Congrats on your new workhorse Jim, she certainly is a beast!
My manual recommends 1/8" for concrete/asphalt and 7/8" for gravel. My driveway is loose crushed rock and I plow gopher trails on the lawn to keep snow away from the house and aid in meltwater drainage, so I go 1/8" for the sidewalks (set with paint stir sticks) and 1" for the overland stuff. Works for my purposes.
Enjoy your new iron.
Larry


----------



## Shryp (Jan 1, 2011)

Blue Hill said:


> Congrats on your new workhorse Jim, she certainly is a beast!
> My manual recommends 1/8" for concrete/asphalt and 7/8" for gravel. My driveway is loose crushed rock and I plow gopher trails on the lawn to keep snow away from the house and aid in meltwater drainage, so I go 1/8" for the sidewalks (set with paint stir sticks) and 1" for the overland stuff. Works for my purposes.
> Enjoy your new iron.
> Larry


How does that work for you? Do you actually stop and adjust them every time you use it? I always wondered why snowblowers don't have adjustable skids more like lawnmowers where you can change it on the fly. Seems a lot of people blow on multiple surfaces. I did see someone fit lawnmower wheels to a blower once somewhere.

I know the track drive ones do have an adjustment for that.


----------



## Blue Hill (Mar 31, 2013)

Shryp said:


> How does that work for you? Do you actually stop and adjust them every time you use it? I always wondered why snowblowers don't have adjustable skids more like lawnmowers where you can change it on the fly. Seems a lot of people blow on multiple surfaces. I did see someone fit lawnmower wheels to a blower once somewhere.
> 
> I know the track drive ones do have an adjustment for that.


Yes I usually do the sidewalks first and then reset and do the rest. I have a cab on my machine and it has pockets, so I carry a socket wrench in the pocket and the two shim sets (1/8" and 1") are each threaded onto one of those round loose leaf clips that I picked up at Staples. Those hang off of the interior frame of the cab so I've always got everything I need with me. It only takes about 30 seconds to do the reset if I have everything with me.


----------



## Shryp (Jan 1, 2011)

If you don't have a lot to do I usually do grass by just pushing the handles down a bit and free handing it. Probably not so good with gravel. Wonder if you could make something that snaps on to the existing ones. Look on the bright side, your bolts shouldn't get rusted in place if you adjust them every use.


----------



## Blue Hill (Mar 31, 2013)

Shryp said:


> If you don't have a lot to do I usually do grass by just pushing the handles down a bit and free handing it. Probably not so good with gravel. Wonder if you could make something that snaps on to the existing ones. Look on the bright side, your bolts shouldn't get rusted in place if you adjust them every use.

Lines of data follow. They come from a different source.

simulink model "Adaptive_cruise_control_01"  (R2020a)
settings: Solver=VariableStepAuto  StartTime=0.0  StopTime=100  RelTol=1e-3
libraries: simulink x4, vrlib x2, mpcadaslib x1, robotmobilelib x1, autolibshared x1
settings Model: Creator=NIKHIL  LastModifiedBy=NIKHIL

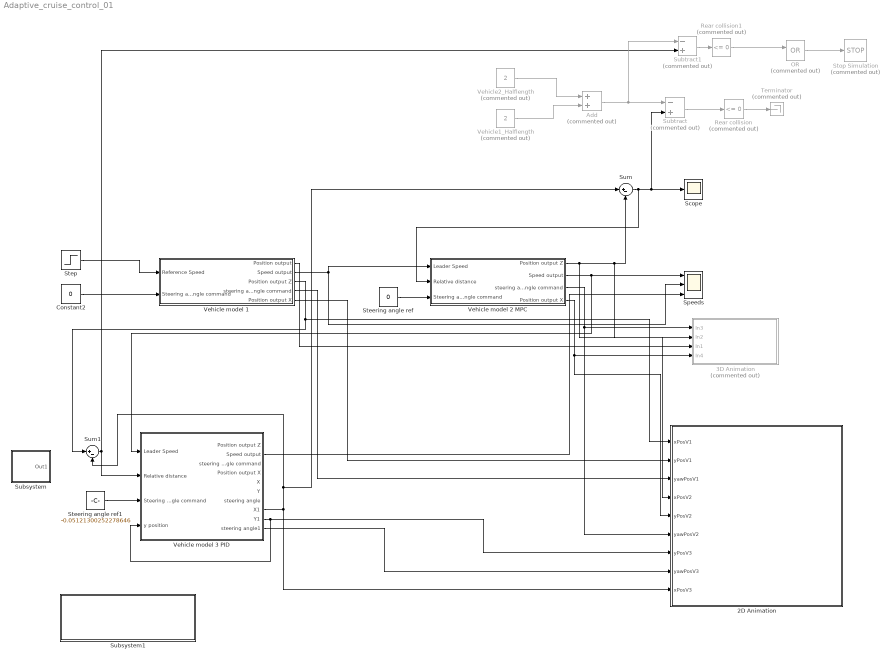
== system Adaptive_cruise_control_01 ==
  2D Animation : Subsystem  TreatAsAtomicUnit=on  SystemSampleTime=0.02
  3D Animation : Subsystem  Commented=on
  Add : Sum  Commented=on
  Constant2 : Constant  Value=0
  OR : Logic  Commented=on  Operator=OR  IconShape=distinctive  AllPortsSameDT=off  OutDataTypeStr=boolean
  Rear collision : simulink/Logic and Bit Operations/Compare To Constant  Commented=on  relop=<=  const=0  OutDataTypeStr=boolean
  Rear collision1 : simulink/Logic and Bit Operations/Compare To Constant  Commented=on  relop=<=  const=0  OutDataTypeStr=boolean
  Scope : Scope
  "Speeds " : Scope  NumInputPorts=3
  Steering angle ref : Constant  Value=0
  Steering angle ref1 : Constant  Value=-0.05121300252278646
  Step : Step  Time=10.5  Before=8  After=8  SampleTime=0
  Stop Simulation : Stop  Commented=on
  Subsystem : Subsystem
  Subsystem1 : Subsystem
  Subtract : Sum  Commented=on  Inputs=-+
  Subtract1 : Sum  Commented=on  Inputs=-+
  Sum : Sum  Inputs=|+-
  Sum1 : Sum  Inputs=|+-
  Terminator : Terminator  Commented=on
  Vehicle model 1 : Subsystem  mask{Pos=10, Speed=25}
      mask prompts: Pos "Initial position"; Speed "Initial speed"
      mask TypeOptions Pos: Initial position Z/Value
      mask TypeOptions Speed: Initial speed/Value
  Vehicle model 2 MPC : Subsystem  mask{Pos=50, Speed=25}
      mask prompts: Pos "Initial position"; Speed "Initial speed"
      mask TypeOptions Pos: Initial position Z/Value
      mask TypeOptions Speed: Initial speed/Value
  Vehicle model 3 PID : Subsystem  mask{Pos=0, Speed=45}
      mask prompts: Pos "Initial position"; Speed "Initial speed"
      mask TypeOptions Pos: Initial position Z/Value
      mask TypeOptions Speed: Initial speed/Value
  Vehicle1_Halflength : Constant  Commented=on  Value=2
  Vehicle2_Halflength : Constant  Commented=on  Value=2
  wires:
  Vehicle model 2 MPC/3(steering angle command) -> 2D Animation/6(yawPosV2), 3D Animation/1(In3)
  Sum1/1 -> Vehicle model 3 PID/2(Relative distance), Subtract1/2
  Subtract1/1 -> Rear collision1/1
  Vehicle model 3 PID/9(Y1) -> Vehicle model 3 PID/4(y position), 2D Animation/7(yPosV3)
  Subtract/1 -> Rear collision/1
  Vehicle model 3 PID/2(Speed output) -> "Speeds "/3
  Vehicle model 3 PID/8(X1) -> Sum/1, Sum1/2, 2D Animation/9(xPosV3)
  Vehicle model 3 PID/10(steering angle1) -> 2D Animation/8(yawPosV3)
  Sum/1 -> Vehicle model 2 MPC/2(Relative distance), Subtract/2, Scope/1
  Steering angle ref/1 -> Vehicle model 2 MPC/3(Steering angle command)
  Vehicle model 2 MPC/2(Speed output) -> Vehicle model 3 PID/1(Leader Speed), "Speeds "/1
  OR/1 -> Stop Simulation/1
  Vehicle model 2 MPC/1(Position output Z) -> 2D Animation/4(xPosV2), Sum/2, 3D Animation/2(In2)
  Add/1 -> Subtract1/1, Subtract/1
  Vehicle2_Halflength/1 -> Add/1
  Vehicle model 1/1(Position output) -> 3D Animation/3(In1)
  Vehicle1_Halflength/1 -> Add/2
  Vehicle model 1/2(Speed output) -> "Speeds "/2, Vehicle model 2 MPC/1(Leader Speed)
  Vehicle model 2 MPC/4(Position output X) -> 2D Animation/5(yPosV2), 3D Animation/4(In4)
  Constant2/1 -> Vehicle model 1/2(Steering angle command)
  Vehicle model 1/3(Position output Z) -> 2D Animation/1(xPosV1), Sum1/1
  Steering angle ref1/1 -> Vehicle model 3 PID/3(Steering angle command)
  Rear collision1/1 -> OR/1
  Rear collision/1 -> Terminator/1
  Vehicle model 1/5(Position output X) -> 2D Animation/2(yPosV1)
  Vehicle model 1/4(steering angle command) -> 2D Animation/3(yawPosV1)
  Step/1 -> Vehicle model 1/1(Reference Speed)

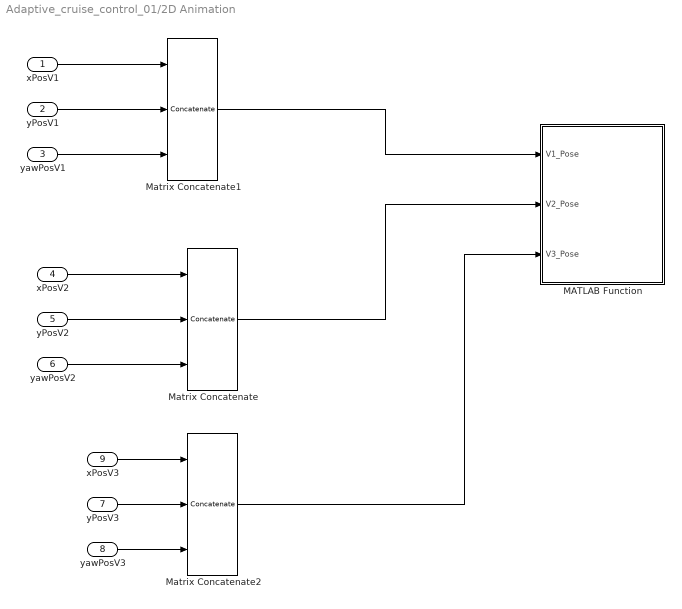
== system Adaptive_cruise_control_01/2D Animation ==
  xPosV1 : Inport
  yPosV1 : Inport  Port=2
  yawPosV1 : Inport  Port=3
  xPosV2 : Inport  Port=4
  yPosV2 : Inport  Port=5
  yawPosV2 : Inport  Port=6
  yPosV3 : Inport  Port=7
  yawPosV3 : Inport  Port=8
  xPosV3 : Inport  Port=9
  MATLAB Function : MATLAB Function  TreatAsAtomicUnit=on
      mask init:
      | close all;
      | figure('units','normalized','outerposition',[0 0 1 1]);
      | grid on
      | axis equal
      | hold on
  Matrix Concatenate : Concatenate  NumInputs=3  ConcatenateDimension=2
  Matrix Concatenate1 : Concatenate  NumInputs=3  ConcatenateDimension=2
  Matrix Concatenate2 : Concatenate  NumInputs=3  ConcatenateDimension=2
  wires:
  xPosV2/1 -> Matrix Concatenate/1
  yPosV2/1 -> Matrix Concatenate/2
  yawPosV2/1 -> Matrix Concatenate/3
  Matrix Concatenate/1 -> MATLAB Function/2(V2_Pose)
  xPosV1/1 -> Matrix Concatenate1/1
  yPosV1/1 -> Matrix Concatenate1/2
  yawPosV1/1 -> Matrix Concatenate1/3
  Matrix Concatenate1/1 -> MATLAB Function/1(V1_Pose)
  xPosV3/1 -> Matrix Concatenate2/1
  yPosV3/1 -> Matrix Concatenate2/2
  yawPosV3/1 -> Matrix Concatenate2/3
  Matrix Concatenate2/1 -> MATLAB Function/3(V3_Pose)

There's always a bright side 
I hadn't thought of making something that snaps on to the skids. Hmmm. Sort of like snowblower slippers . I'll have to put on the old thinking cap.


----------



## Jim (Nov 26, 2013)

Blue Hill said:


> There's always a bright side
> I hadn't thought of making something that snaps on to the skids. Hmmm. Sort of like snowblower slippers . I'll have to put on the old thinking cap.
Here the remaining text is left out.